Como é uma Personalidade Imatura


                      Série: Artigos de Impacto

                                Como é uma personalidade imatura?

Por Enrique Rojas

Será que sou uma pessoa imatura? O autor, renomado psiquiatra espanhol, oferece aqui dez pontos bastante claros que possibilitam um auto-exame preciso.
A personalidade é a soma dos padrões de conduta reais e potenciais e é determinada por três fatores: a herança (o nosso patrimônio genético, aquilo que herdamos os nossos pais), o ambiento (aquilo que nos cerca) e a experiência de via (a biografia de cada um). A personalidade é a marca própria e específica de cada um. O cartão de visita. Noutras palavras, a personalidade é uma organização dinâmica, em movimento, em que confluem s aspectos físicos, psicológicos, sociais e culturais de um indivíduo.

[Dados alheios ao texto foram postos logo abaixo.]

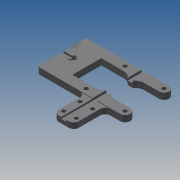
# Autodesk Inventor part: Drückbrücke_U
Saved by Autodesk Inventor 2015 SP1 (Build 190203100, 203)
## iProperties
Created: 2015-01-28
Part Number: Drückbrücke_U
Material: ABS-Kunststoff
Document SubType Name: Modeling
Designer: Marc
Density: 1.06 g/cm^3
Appearance: Gehont - dunkelgrau
Mass: 3.36639 g
Surface Area: 19.9083 cm^2
Volume: 3.17584 cm^3
Author: Marc
Autodesk Inventor part; units mm, degrees
ref_plane "YZ Plane" through (0, 0, 0) normal (1, 0, 0) x (0, 1, 0)
ref_plane "XZ Plane" through (0, 0, 0) normal (0, 1, 0) x (-1, 0, 0)
sketch "Skizze1" plane through (0, 0, 0) normal (0, 0, 1) x (1, 0, 0)
  line L0 (0, -27.3) -> (0, 27.3) projected
  line L1 (-71.7, 0) -> (34.7, 0) projected
  circle A0 centre (-15.5, 15.5) radius 1.55
  circle A1 centre (15.5, 15.5) radius 1.55
  circle A2 centre (-15.5, -15.5) radius 1.55
  circle A3 centre (15.5, -15.5) radius 1.55
  circle A4 centre (-16.5, 0) radius 11
  circle A5 centre (0, 0) radius 5.5
  circle A6 centre (-16.5, 0) radius 4
  arc A7 (-16.5, -7.5) -> (-16.5, 7.5) centre (-16.5, 0) ccw
  line L2 (-16.5, 7.5) -> (-36.5, 7.5)
  line L3 (-36.5, 7.5) -> (-56.5, 7.5)
  line L4 (-56.5, 7.5) -> (-56.5, -7.5)
  line L5 (-56.5, -7.5) -> (-16.5, -7.5)
  circle A8 centre (15.5, 15.5) radius 4
  circle A9 centre (-15.5, 15.5) radius 4
  line L6 (15.5, 11.5) -> (-15.5, 11.5)
  line L7 (15.5, 19.5) -> (-15.5, 19.5)
  line L8 (-15.5, 19.5) -> (-50.5, 19.5)
  line L9 (-15.5, 11.5) -> (-30.5, 11.5)
  line L10 (-50.5, 19.5) -> (-50.5, 0)
  line L11 (-30.5, 11.5) -> (-30.5, 0)
  line L12 (-15.5, -19.5) -> (-50.5, -19.5)
  line L13 (-15.5, -11.5) -> (-30.5, -11.5)
  line L14 (-50.5, -19.5) -> (-50.5, 0)
  line L15 (-30.5, -11.5) -> (-30.5, 0)
  line L16 (15.5, -11.5) -> (-15.5, -11.5)
  line L17 (15.5, -19.5) -> (-15.5, -19.5)
  line L18 (-15.5, -11.5) -> (15.5, -11.5)
  line L19 (15.5, -19.5) -> (-15.5, -19.5)
  line L20 (-30.5, -11.5) -> (15.5, -11.5)
  line L21 (15.5, -19.5) -> (-50.5, -19.5)
  arc A10 (15.5, -19.5) -> (15.5, -11.5) centre (15.5, -15.5) ccw
  point P0 (-50.5, 7.5)
  point P1 (-30.5, 7.5)
  dimension "d0" = 3.1
  dimension "d1" = 15.5
  dimension "d2" = 15.5
  dimension "d3" = 22
  dimension "d4" = 16.5
  dimension "d5" = 11
  dimension "d6" = 8
  dimension "d7" = 15
  dimension "d10" = 15
  dimension "d11" = 40
  dimension "d17" = 8
  dimension "d19" = 8
  dimension "d22" = 35
  dimension "d23" = 15
  constraints: 40 end point, 11 centre point, 9 symmetric about line, 8 point on circle, 6 coincident, 6 point on line, 5 horizontal, 4 tangent, 3 perpendicular, 1 collinear, 3 other
  measures "d0" diameter of A0
  measures "d1" distance from line of L1 A0.centre
  measures "d2" distance from line of L0 A0.centre
  measures "d3" diameter of A4
  measures "d4" distance from line of L0 A4.centre
  measures "d5" diameter of A5
  measures "d6" diameter of A6
  measures "d7" diameter of A7
  measures "d10" distance of L3.end L4.end
  measures "d11" distance from line of L2.start L4
  measures "d17" diameter of A8
  measures "d19" diameter of A9
  measures "d22" distance of L7.end L8.end
  measures "d23" distance of L6.end L9.end
ref_plane "Arbeitsebene1" through (0, 0, 5) normal (0, 0, 1) x (1, 0, 0)
extrude "Extrusion5" add sketch "Skizze1" along normal blind 5 contours L17 L12 L14 L5 L15 L13 L16 L0 | L0 L16 A10 L17 | L14 L1 L15 L5 | L10 L3 L2 L11 L1 | L6 A9 L7 L0 | L0 L7 A8 L6 | L2 L3 L10 L8 A9 L9 L11 | A8 | A9
sketch "Skizze4" plane through (0, 0, 5) normal (0, 0, 1) x (1, 0, 0)
  line L0 (-30.5, 11.5) -> (15.5, 11.5) projected
  arc A0 (15.5, 11.5) -> (15.5, 19.5) centre (15.5, 15.5) ccw projected
  line L1 (15.5, 19.5) -> (-50.5, 19.5) projected
  line L2 (-50.5, 19.5) -> (-50.5, -19.5) projected
  line L3 (-50.5, -19.5) -> (15.5, -19.5) projected
  arc A1 (15.5, -19.5) -> (15.5, -11.5) centre (15.5, -15.5) ccw projected
  line L4 (15.5, -11.5) -> (-30.5, -11.5) projected
  line L5 (-30.5, -11.5) -> (-30.5, 11.5) projected
  circle A2 centre (15.5, 15.5) radius 1.55 projected
  circle A3 centre (15.5, -15.5) radius 1.55 projected
  circle A4 centre (-15.5, -15.5) radius 1.55 projected
  circle A5 centre (-15.5, 15.5) radius 1.55 projected
  line L6 (-64.5, 0) -> (33.5, 0) projected
  line L7 (-30.5, -11.5) -> (-30.5, 11.5) projected
  line L8 (-50.5, -1.5) -> (-30.5, -1.5)
  line L9 (-30.5, -1.5) -> (-30.5, 1.5)
  line L10 (-30.5, 1.5) -> (-50.5, 1.5)
  line L11 (-50.5, 1.5) -> (-50.5, -1.5)
  point P0 (0, 0)
  dimension "d34" = 3
  constraints: 8 end point, 2 parallel, 2 point on line, 1 horizontal, 1 perpendicular, 1 other
  measures "d34" distance of L9.end L8.end
extrude "Extrusion8" cut sketch "Skizze4" against normal blind 1.5 contours L5 L6 L2 L10 | L5 L8 L2 L6
sketch "Skizze5" plane through (0, 0, 5) normal (0, 0, 1) x (1, 0, 0)
  line L0 (-50.5, 1.5) -> (-30.5, 1.5) projected
  line L1 (-30.5, 1.5) -> (-30.5, 11.5) projected
  line L2 (-30.5, 11.5) -> (15.5, 11.5) projected
  arc A0 (15.5, 11.5) -> (15.5, 19.5) centre (15.5, 15.5) ccw projected
  line L3 (15.5, 19.5) -> (-50.5, 19.5) projected
  line L4 (-50.5, 19.5) -> (-50.5, 1.5) projected
  circle A1 centre (15.5, 15.5) radius 1.55 projected
  circle A2 centre (-15.5, 15.5) radius 1.55 projected
  circle A3 centre (-15.5, -15.5) radius 1.55 projected
  circle A4 centre (15.5, -15.5) radius 1.55 projected
  line L5 (-30.5, -1.5) -> (-50.5, -1.5) projected
  line L6 (-50.5, -1.5) -> (-50.5, -19.5) projected
  line L7 (-50.5, -19.5) -> (15.5, -19.5) projected
  arc A5 (15.5, -19.5) -> (15.5, -11.5) centre (15.5, -15.5) ccw projected
  line L8 (15.5, -11.5) -> (-30.5, -11.5) projected
  line L9 (-30.5, -11.5) -> (-30.5, -1.5) projected
  line L10 (-30.5, -1.5) -> (-50.5, -1.5) projected
  line L11 (-30.5, 1.5) -> (-30.5, -1.5) projected
  line L12 (-50.5, 1.5) -> (-30.5, 1.5) projected
  line L13 (-50.5, -1.5) -> (-50.5, 1.5) projected
  line L14 (-64.5, 0) -> (33.5, 0) projected
  line L15 (-43.5, -2.75) -> (-41.1, -2.75)
  line L16 (-41.1, -2.75) -> (-41.1, 2.75)
  line L17 (-41.1, 2.75) -> (-43.5, 2.75)
  line L18 (-43.5, 2.75) -> (-43.5, -2.75)
  point P0 (0, 0)
  dimension "d37" = 2.4
  dimension "d38" = 5.5
  dimension "d39" = 7
  constraints: 8 end point, 2 parallel, 1 horizontal, 1 perpendicular, 1 other
  measures "d37" distance of L17.end L16.end
  measures "d38" distance of L16.end L15.end
  measures "d39" distance between parallel lines of L13 L18
extrude "Extrusion9" cut sketch "Skizze5" against normal blind 3.2 contours L18 L17 L16 L0 | L0 L16 L14 L18 | L14 L16 L5 L18 | L5 L16 L15 L18
sketch "Skizze6" plane through (0, 0, 5) normal (0, 0, 1) x (1, 0, 0)
  line L0 (15.5, 19.5) -> (-50.5, 19.5) projected
  line L1 (-50.5, -19.5) -> (15.5, -19.5) projected
  line L2 (-6.4, 19.5) -> (-2.4, 19.5)
  line L3 (-2.4, 19.5) -> (-2.4, -19.5)
  line L4 (-2.4, -19.5) -> (-6.4, -19.5)
  line L5 (-6.4, -19.5) -> (-6.4, 19.5)
  line L6 (-41.1, -1.5) -> (-41.1, -2.75) projected
  line L7 (-41.1, -2.75) -> (-43.5, -2.75) projected
  line L8 (-43.5, -2.75) -> (-43.5, -1.5) projected
  line L9 (-43.5, -1.5) -> (-50.5, -1.5) projected
  line L10 (-50.5, -1.5) -> (-50.5, -19.5) projected
  line L11 (-50.5, -19.5) -> (15.5, -19.5) projected
  arc A0 (15.5, -19.5) -> (15.5, -11.5) centre (15.5, -15.5) ccw projected
  line L12 (15.5, -11.5) -> (-30.5, -11.5) projected
  line L13 (-30.5, -11.5) -> (-30.5, -1.5) projected
  line L14 (-30.5, -1.5) -> (-41.1, -1.5) projected
  circle A1 centre (15.5, -15.5) radius 1.55 projected
  circle A2 centre (-15.5, -15.5) radius 1.55 projected
  line L15 (0, -27.3) -> (0, 27.3) projected
  line L16 (-64.5, 0) -> (33.5, 0) projected
  circle A3 centre (0, 0) radius 3.5191
  dimension "d42" = 4
  dimension "d43" = 2.4
  constraints: 8 end point, 2 parallel, 2 point on line, 1 centre point, 1 horizontal, 1 perpendicular, 1 other
  measures "d42" distance of L3.end L4.end
  measures "d43" distance between parallel lines of L15 L3
extrude "Extrusion10" cut sketch "Skizze6" against normal blind 1.9 contours L3 A3 L16 L5 L0 | L3 L16 A3 | L16 A3 L3 L12 L5 | L3 A3 L16 | L12 L3 L1 L5
fillet "Rundung1" radius 2 1 edges at (-50.5, -19.5, 2.5)
fillet "Rundung2" radius 2 1 edges at (-50.5, 19.5, 2.5)
sketch "Skizze11" plane through (0, 0, 5) normal (0, 0, 1) x (1, 0, 0)
  line L0 (-2.4, 11.5) -> (-6.4, 11.5) projected
  line L1 (-2.4, 19.5) -> (-2.4, 11.5) projected
  line L2 (-6.4, 19.5) -> (-2.4, 19.5) projected
  line L3 (-6.4, 11.5) -> (-6.4, 19.5) projected
  arc A0 (-48.5, 19.5) -> (-50.5, 17.5) centre (-48.5, 17.5) ccw projected
  line L4 (-50.5, 17.5) -> (-50.5, 1.5) projected
  line L5 (-50.5, 1.5) -> (-43.5, 1.5) projected
  line L6 (-43.5, 1.5) -> (-43.5, 2.75) projected
  line L7 (-43.5, 2.75) -> (-41.1, 2.75) projected
  line L8 (-41.1, 2.75) -> (-41.1, 1.5) projected
  line L9 (-41.1, 1.5) -> (-30.5, 1.5) projected
  line L10 (-30.5, 1.5) -> (-30.5, 11.5) projected
  line L11 (-30.5, 11.5) -> (-6.4, 11.5) projected
  line L12 (-6.4, 11.5) -> (-6.4, 19.5) projected
  line L13 (-6.4, 19.5) -> (-48.5, 19.5) projected
  circle A1 centre (-15.5, 15.5) radius 1.55 projected
  line L14 (-2.4, 19.5) -> (-2.4, 11.5) projected
  line L15 (-2.4, 11.5) -> (15.5, 11.5) projected
  arc A2 (15.5, 11.5) -> (15.5, 19.5) centre (15.5, 15.5) ccw projected
  line L16 (15.5, 19.5) -> (-2.4, 19.5) projected
  circle A3 centre (15.5, 15.5) radius 1.55 projected
  circle A4 centre (-15.5, -15.5) radius 1.55 projected
  arc A5 (-50.5, -17.5) -> (-48.5, -19.5) centre (-48.5, -17.5) ccw projected
  line L17 (-48.5, -19.5) -> (-6.4, -19.5) projected
  line L18 (-6.4, -19.5) -> (-6.4, -11.5) projected
  line L19 (-6.4, -11.5) -> (-30.5, -11.5) projected
  line L20 (-30.5, -11.5) -> (-30.5, -1.5) projected
  line L21 (-30.5, -1.5) -> (-41.1, -1.5) projected
  line L22 (-41.1, -1.5) -> (-41.1, -2.75) projected
  line L23 (-41.1, -2.75) -> (-43.5, -2.75) projected
  line L24 (-43.5, -2.75) -> (-43.5, -1.5) projected
  line L25 (-43.5, -1.5) -> (-50.5, -1.5) projected
  line L26 (-50.5, -1.5) -> (-50.5, -17.5) projected
  line L27 (-6.4, -11.5) -> (-2.4, -11.5) projected
  line L28 (-6.4, -19.5) -> (-6.4, -11.5) projected
  line L29 (-2.4, -19.5) -> (-6.4, -19.5) projected
  line L30 (-2.4, -11.5) -> (-2.4, -19.5) projected
  line L31 (-2.4, -11.5) -> (-2.4, -19.5) projected
  line L32 (-2.4, -19.5) -> (15.5, -19.5) projected
  arc A6 (15.5, -19.5) -> (15.5, -11.5) centre (15.5, -15.5) ccw projected
  line L33 (15.5, -11.5) -> (-2.4, -11.5) projected
  circle A7 centre (15.5, -15.5) radius 1.55 projected
  line L34 (-6.4, 11.5) -> (-6.4, 8.5)
  line L35 (-6.4, 8.5) -> (-2.4, 8.5)
  line L36 (-2.4, 8.5) -> (-2.4, 11.5)
  line L37 (-30.5, 11.5) -> (-6.4, 11.5) projected
  arc A8 (-6.4, 8.5) -> (-12.4, 11.5) centre (-12.6481, 3.5038) ccw
  line L38 (-30.5, 11.5) -> (15.5, 11.5) projected
  arc A9 (3.6, 11.5) -> (-2.4, 8.5) centre (3.8481, 3.5038) ccw
  line L39 (-65.3971, 0) -> (35.9828, 0) projected
  line L40 (-6.4, -11.5) -> (-6.4, -8.5)
  line L41 (-6.4, -8.5) -> (-2.4, -8.5)
  line L42 (-2.4, -8.5) -> (-2.4, -11.5)
  arc A10 (-12.4, -11.5) -> (-6.4, -8.5) centre (-12.6481, -3.5038) ccw
  arc A11 (-2.4, -8.5) -> (3.6, -11.5) centre (3.8481, -3.5038) ccw
  circle A12 centre (0, 0) radius 12 projected
  line L43 (-12.4, 11.5) -> (3.6, 11.5)
  line L44 (-12.4, -11.5) -> (3.6, -11.5)
  line L45 (15.5, -11.5) -> (-30.5, -11.5) projected
  point P0 (0, 0)
  dimension "d61" = 3
  dimension "d62" = 4
  dimension "d63" = 8
  dimension "d64" = 8
  dimension "d65" = 6
  dimension "d66" = 6
  constraints: 16 end point, 9 point on circle, 8 symmetric about line, 4 centre point, 3 point on line, 2 collinear, 1 perpendicular, 1 vertical, 2 other
  measures "d61" distance of L0.end L34.end
  measures "d62" distance of L34.end L35.end
  measures "d63" radius of A8
  measures "d64" radius of A9
  measures "d65" distance from line of L34 A8.end
  measures "d66" distance from line of L36 L43.end
extrude "Extrusion13" add sketch "Skizze11" against normal blind 5 contours L36 L35 L34 A12 L0 | L15 A12 A9 L36 | A12 L34 L0 | L15 A9 A12 | L34 A12 A8 L11 | L34 A8 A12 | A12 L33 L42 A11 | A11 L33 A12 | A12 L40 L19 A10 | A10 L40 A12 | L42 L27 A12 L40 L41 | A12 L27 L40
sketch "Skizze12" plane through (0, 0, 5) normal (0, 0, 1) x (1, 0, 0)
  line L0 (-2.4, 11.5) -> (-6.4, 11.5) projected
  line L1 (-2.4, 19.5) -> (-2.4, 11.5) projected
  line L2 (-6.4, 19.5) -> (-2.4, 19.5) projected
  line L3 (-6.4, 11.5) -> (-6.4, 19.5) projected
  line L4 (-6.4, -11.5) -> (-2.4, -11.5) projected
  line L5 (-6.4, -19.5) -> (-6.4, -11.5) projected
  line L6 (-2.4, -19.5) -> (-6.4, -19.5) projected
  line L7 (-2.4, -11.5) -> (-2.4, -19.5) projected
  line L8 (-6.4, -11.5) -> (-2.4, -11.5)
  line L9 (-2.4, -11.5) -> (-2.4, 11.5)
  line L10 (-2.4, 11.5) -> (-6.4, 11.5)
  line L11 (-6.4, 11.5) -> (-6.4, -11.5)
  point P0 (0, 0)
  constraints: 8 end point, 2 parallel, 1 horizontal, 1 perpendicular
extrude "Extrusion14" cut sketch "Skizze12" against normal blind 1.9 contours L9 L4 L11 L0
sketch "Skizze13" plane through (0, 0, 5) normal (0, 0, 1) x (1, 0, 0)
  line L0 (-41.1, 1.5) -> (-41.1, -1.5) projected
  line L1 (-30.5, -1.5) -> (-41.1, -1.5) projected
  line L2 (-30.5, 1.5) -> (-30.5, -1.5) projected
  line L3 (-41.1, 1.5) -> (-30.5, 1.5) projected
  line L4 (-6.4, -19.5) -> (-6.4, -8.5) projected
  arc A0 (-12.4, -11.5) -> (-6.4, -8.5) centre (-12.6481, -3.5038) ccw projected
  line L5 (-12.4, -11.5) -> (-30.5, -11.5) projected
  line L6 (-30.5, -11.5) -> (-30.5, -1.5) projected
  line L7 (-30.5, -1.5) -> (-41.1, -1.5) projected
  line L8 (-41.1, -1.5) -> (-41.1, -2.75) projected
  line L9 (-41.1, -2.75) -> (-43.5, -2.75) projected
  line L10 (-43.5, -2.75) -> (-43.5, -1.5) projected
  line L11 (-43.5, -1.5) -> (-50.5, -1.5) projected
  line L12 (-50.5, -1.5) -> (-50.5, -17.5) projected
  arc A1 (-50.5, -17.5) -> (-48.5, -19.5) centre (-48.5, -17.5) ccw projected
  line L13 (-48.5, -19.5) -> (-6.4, -19.5) projected
  circle A2 centre (-15.5, -15.5) radius 1.55 projected
  circle A3 centre (-15.5, 15.5) radius 1.55 projected
  line L14 (-6.4, 8.5) -> (-6.4, 19.5) projected
  line L15 (-6.4, 19.5) -> (-48.5, 19.5) projected
  arc A4 (-48.5, 19.5) -> (-50.5, 17.5) centre (-48.5, 17.5) ccw projected
  line L16 (-50.5, 17.5) -> (-50.5, 1.5) projected
  line L17 (-50.5, 1.5) -> (-43.5, 1.5) projected
  line L18 (-43.5, 1.5) -> (-43.5, 2.75) projected
  line L19 (-43.5, 2.75) -> (-41.1, 2.75) projected
  line L20 (-41.1, 2.75) -> (-41.1, 1.5) projected
  line L21 (-41.1, 1.5) -> (-30.5, 1.5) projected
  line L22 (-30.5, 1.5) -> (-30.5, 11.5) projected
  line L23 (-30.5, 11.5) -> (-12.4, 11.5) projected
  arc A5 (-6.4, 8.5) -> (-12.4, 11.5) centre (-12.6481, 3.5038) ccw projected
  line L24 (-41.1, 1.5) -> (-30.5, 1.5) projected
  line L25 (-30.5, -1.5) -> (-39.5, -1.5)
  line L26 (-39.5, -1.5) -> (-39.5, 1.5)
  line L27 (-39.5, 1.5) -> (-30.5, 1.5)
  line L28 (-30.5, 1.5) -> (-30.5, -1.5)
  point P0 (0, 0)
  dimension "d71" = 9
  constraints: 8 end point, 2 parallel, 1 horizontal, 1 perpendicular, 1 point on line
  measures "d71" distance of L26.end L27.end
extrude "Extrusion15" add sketch "Skizze13" against normal blind 1.5 contours L3 L2 L1 L26
sketch "Skizze16" plane through (15.5, -19.5, 0) normal (0, -1, 0) x (1, 0, 0)
  line L0 (-11.9, 0) -> (-11.9, 5) projected
  line L1 (-64, 0) -> (-64, 5) projected
  line L2 (-64, 0) -> (0, 0) projected
  line L3 (0, 0) -> (0, 5) projected
  line L4 (-17.9, 5) -> (0, 5) projected
  line L5 (-17.9, 5) -> (-17.9, 3.1) projected
  line L6 (-17.9, 3.1) -> (-21.9, 3.1) projected
  line L7 (-21.9, 3.1) -> (-21.9, 5) projected
  line L8 (-64, 5) -> (-21.9, 5) projected
  line L9 (-17.9, 5) -> (-11.9, 5)
  line L10 (-11.9, 5) -> (-11.9, 0)
  line L11 (-11.9, 0) -> (-25.9, 0)
  line L12 (-64, 0) -> (0, 0) projected
  line L13 (-64, 5) -> (-21.9, 5) projected
  line L14 (-21.9, 5) -> (-27.9, 5)
  line L15 (-27.9, 5) -> (-27.9, 0)
  line L16 (-27.9, 0) -> (-25.9, 0)
  line L17 (-17.9, 5) -> (-17.9, 3.1)
  line L18 (-17.9, 3.1) -> (-21.9, 3.1)
  line L19 (-21.9, 3.1) -> (-21.9, 5)
  point P0 (-15.5, 0)
  dimension "d75" = 6
  constraints: 18 end point, 5 perpendicular, 3 point on line, 1 collinear, 1 vertical
  measures "d75" distance of L7.end L14.end
extrude "Extrusion16" add sketch "Skizze16" along normal blind 25 contours L2 L15 L8 L7 L6 L5 L4 L0
sketch "Skizze17" plane through (0, 0, 5) normal (0, 0, 1) x (1, 0, 0)
  line L0 (-2.4, -8.5) -> (-2.4, -44.5) projected
  line L1 (3.6, -44.5) -> (-2.4, -44.5) projected
  line L2 (3.6, -19.5) -> (3.6, -44.5) projected
  line L3 (3.6, -19.5) -> (15.5, -19.5) projected
  arc A0 (15.5, -19.5) -> (15.5, -11.5) centre (15.5, -15.5) ccw projected
  line L4 (15.5, -11.5) -> (3.6, -11.5) projected
  arc A1 (-2.4, -8.5) -> (3.6, -11.5) centre (3.8481, -3.5038) ccw projected
  circle A2 centre (15.5, -15.5) radius 1.55 projected
  circle A3 centre (-15.5, 15.5) radius 1.55 projected
  line L5 (-6.4, -44.5) -> (-6.4, -8.5) projected
  arc A4 (-12.4, -11.5) -> (-6.4, -8.5) centre (-12.6481, -3.5038) ccw projected
  line L6 (-12.4, -11.5) -> (-30.5, -11.5) projected
  line L7 (-30.5, -11.5) -> (-30.5, 11.5) projected
  line L8 (-30.5, 11.5) -> (-12.4, 11.5) projected
  arc A5 (-6.4, 8.5) -> (-12.4, 11.5) centre (-12.6481, 3.5038) ccw projected
  line L9 (-6.4, 8.5) -> (-6.4, 19.5) projected
  line L10 (-6.4, 19.5) -> (-48.5, 19.5) projected
  arc A6 (-48.5, 19.5) -> (-50.5, 17.5) centre (-48.5, 17.5) ccw projected
  line L11 (-50.5, 17.5) -> (-50.5, 1.5) projected
  line L12 (-50.5, 1.5) -> (-43.5, 1.5) projected
  line L13 (-43.5, 1.5) -> (-43.5, 2.75) projected
  line L14 (-43.5, 2.75) -> (-41.1, 2.75) projected
  line L15 (-41.1, 2.75) -> (-41.1, 1.5) projected
  line L16 (-41.1, 1.5) -> (-39.5, 1.5) projected
  line L17 (-39.5, 1.5) -> (-39.5, -1.5) projected
  line L18 (-39.5, -1.5) -> (-41.1, -1.5) projected
  line L19 (-41.1, -1.5) -> (-41.1, -2.75) projected
  line L20 (-41.1, -2.75) -> (-43.5, -2.75) projected
  line L21 (-43.5, -2.75) -> (-43.5, -1.5) projected
  line L22 (-43.5, -1.5) -> (-50.5, -1.5) projected
  line L23 (-50.5, -1.5) -> (-50.5, -17.5) projected
  arc A7 (-50.5, -17.5) -> (-48.5, -19.5) centre (-48.5, -17.5) ccw projected
  line L24 (-48.5, -19.5) -> (-12.4, -19.5) projected
  line L25 (-12.4, -19.5) -> (-12.4, -44.5) projected
  line L26 (-6.4, -44.5) -> (-12.4, -44.5) projected
  circle A8 centre (-15.5, -15.5) radius 1.55 projected
  circle A9 centre (0.6, -26.5) radius 1.5
  circle A10 centre (-9.4, -26.5) radius 1.5
  circle A11 centre (0.6, -39.5) radius 1.5
  circle A12 centre (-9.4, -39.5) radius 1.5
  point P0 (0, 0)
  dimension "d78" = 3
  dimension "d79" = 3
  dimension "d80" = 3
  dimension "d81" = 3
  dimension "d82" = 18
  dimension "d84" = 3
  dimension "d85" = 3
  dimension "d86" = 5
  constraints: 4 centre point, 2 horizontal alignment, 2 vertical alignment
  measures "d78" diameter of A9
  measures "d79" diameter of A10
  measures "d80" distance from line of L0 A9.centre
  measures "d81" distance from line of L5 A10.centre
  measures "d82" distance from line of L1 A9.centre
  measures "d84" diameter of A11
  measures "d85" diameter of A12
  measures "d86" distance from line of L1 A11.centre
extrude "Extrusion17" cut sketch "Skizze17" against normal blind 5 contours A9 | A10 | A11 | A12
sketch "Skizze18" plane through (15.5, -44.5, 0) normal (0, -1, 0) x (1, 0, 0)
  line L0 (-11.9, 0) -> (-11.9, 5) projected
  line L1 (-11.9, 5) -> (-17.9, 5) projected
  line L2 (-17.9, 5) -> (-17.9, 3.1) projected
  line L3 (-17.9, 3.1) -> (-21.9, 3.1) projected
  line L4 (-21.9, 3.1) -> (-21.9, 5) projected
  line L5 (-21.9, 5) -> (-27.9, 5) projected
  line L6 (-27.9, 5) -> (-27.9, 0) projected
  line L7 (-27.9, 0) -> (-11.9, 0) projected
  line L8 (-11.9, 5) -> (-11.9, 4.5)
  line L9 (-11.9, 5) -> (-11.9, 0) projected
  line L10 (-11.9, 4.5) -> (-27.9, 4.5)
  line L11 (-27.9, 5) -> (-27.9, 0) projected
  line L12 (-27.9, 4.5) -> (-27.9, 5)
  line L13 (-27.9, 5) -> (-11.9, 5)
  point P0 (-15.5, 0)
  dimension "d89" = 0.5
  constraints: 8 end point, 2 perpendicular, 2 point on line, 1 collinear
  measures "d89" distance of L0.end L8.end
extrude "Extrusion18" cut sketch "Skizze18" against normal blind 25 contours L10 L2 L1 L0 | L10 L4 L13 L2 | L6 L5 L4 L10
fillet "Rundung3" radius 4 1 edges at (3.6, -19.5, 2.25)
fillet "Rundung4" radius 4 3 edges at (-12.4, -19.5, 2.25) (-12.4, -44.5, 2.25) (3.6, -44.5, 2.25)

Nós, psiquiatras, dedicamo-nos à engenharia do comportamento. Somos escavadores das superfícies psicológicas, procuramos aprofundar na mecânica interna do comportamento, para corrigi-lo, melhorá-lo, torná-lo mais equilibrado. A pessoa imatura é uma pessoa a meio caminho, com uma psicologia incipiente, incompleta, que no está bem acabada e que tem muitos pontos negativos, mas que pode mudar, melhorar e tornar-se mais sólida, com a ajuda de um psiquiatra ou de um psicólogo.
Tentarei sistematizar os ingredientes principais da imaturidade, para que o leitor possa adentrar num tema tão complexo.

1.      Defasagem entre a idade cronológica e a idade mental. É uma das manifestações que mais chama a atenção logo de cara. Não esqueçamos que há pessoas que amadurecem cedo e outras que levam mais tempo, e isso pode interferir um pouco na observação.
2.      Desconhecimento de si próprio. Conhecer-se a si próprio era uma das normas do herói grego. No templo dedicado ao deus Apolo, em Delfos, havia a inscrição: Gnothi Seauton , “conhece-te a ti mesmo”. Trata-se de ter claro que aquilo que devemos estudar com mais afinco somos nós mesmos, temos de saber quais são as nossas limitações e as nossas atitudes. O conhecimento dessas realidades é como que a carta de navegação que nos ajuda a guiar-nos para uma vida adequada.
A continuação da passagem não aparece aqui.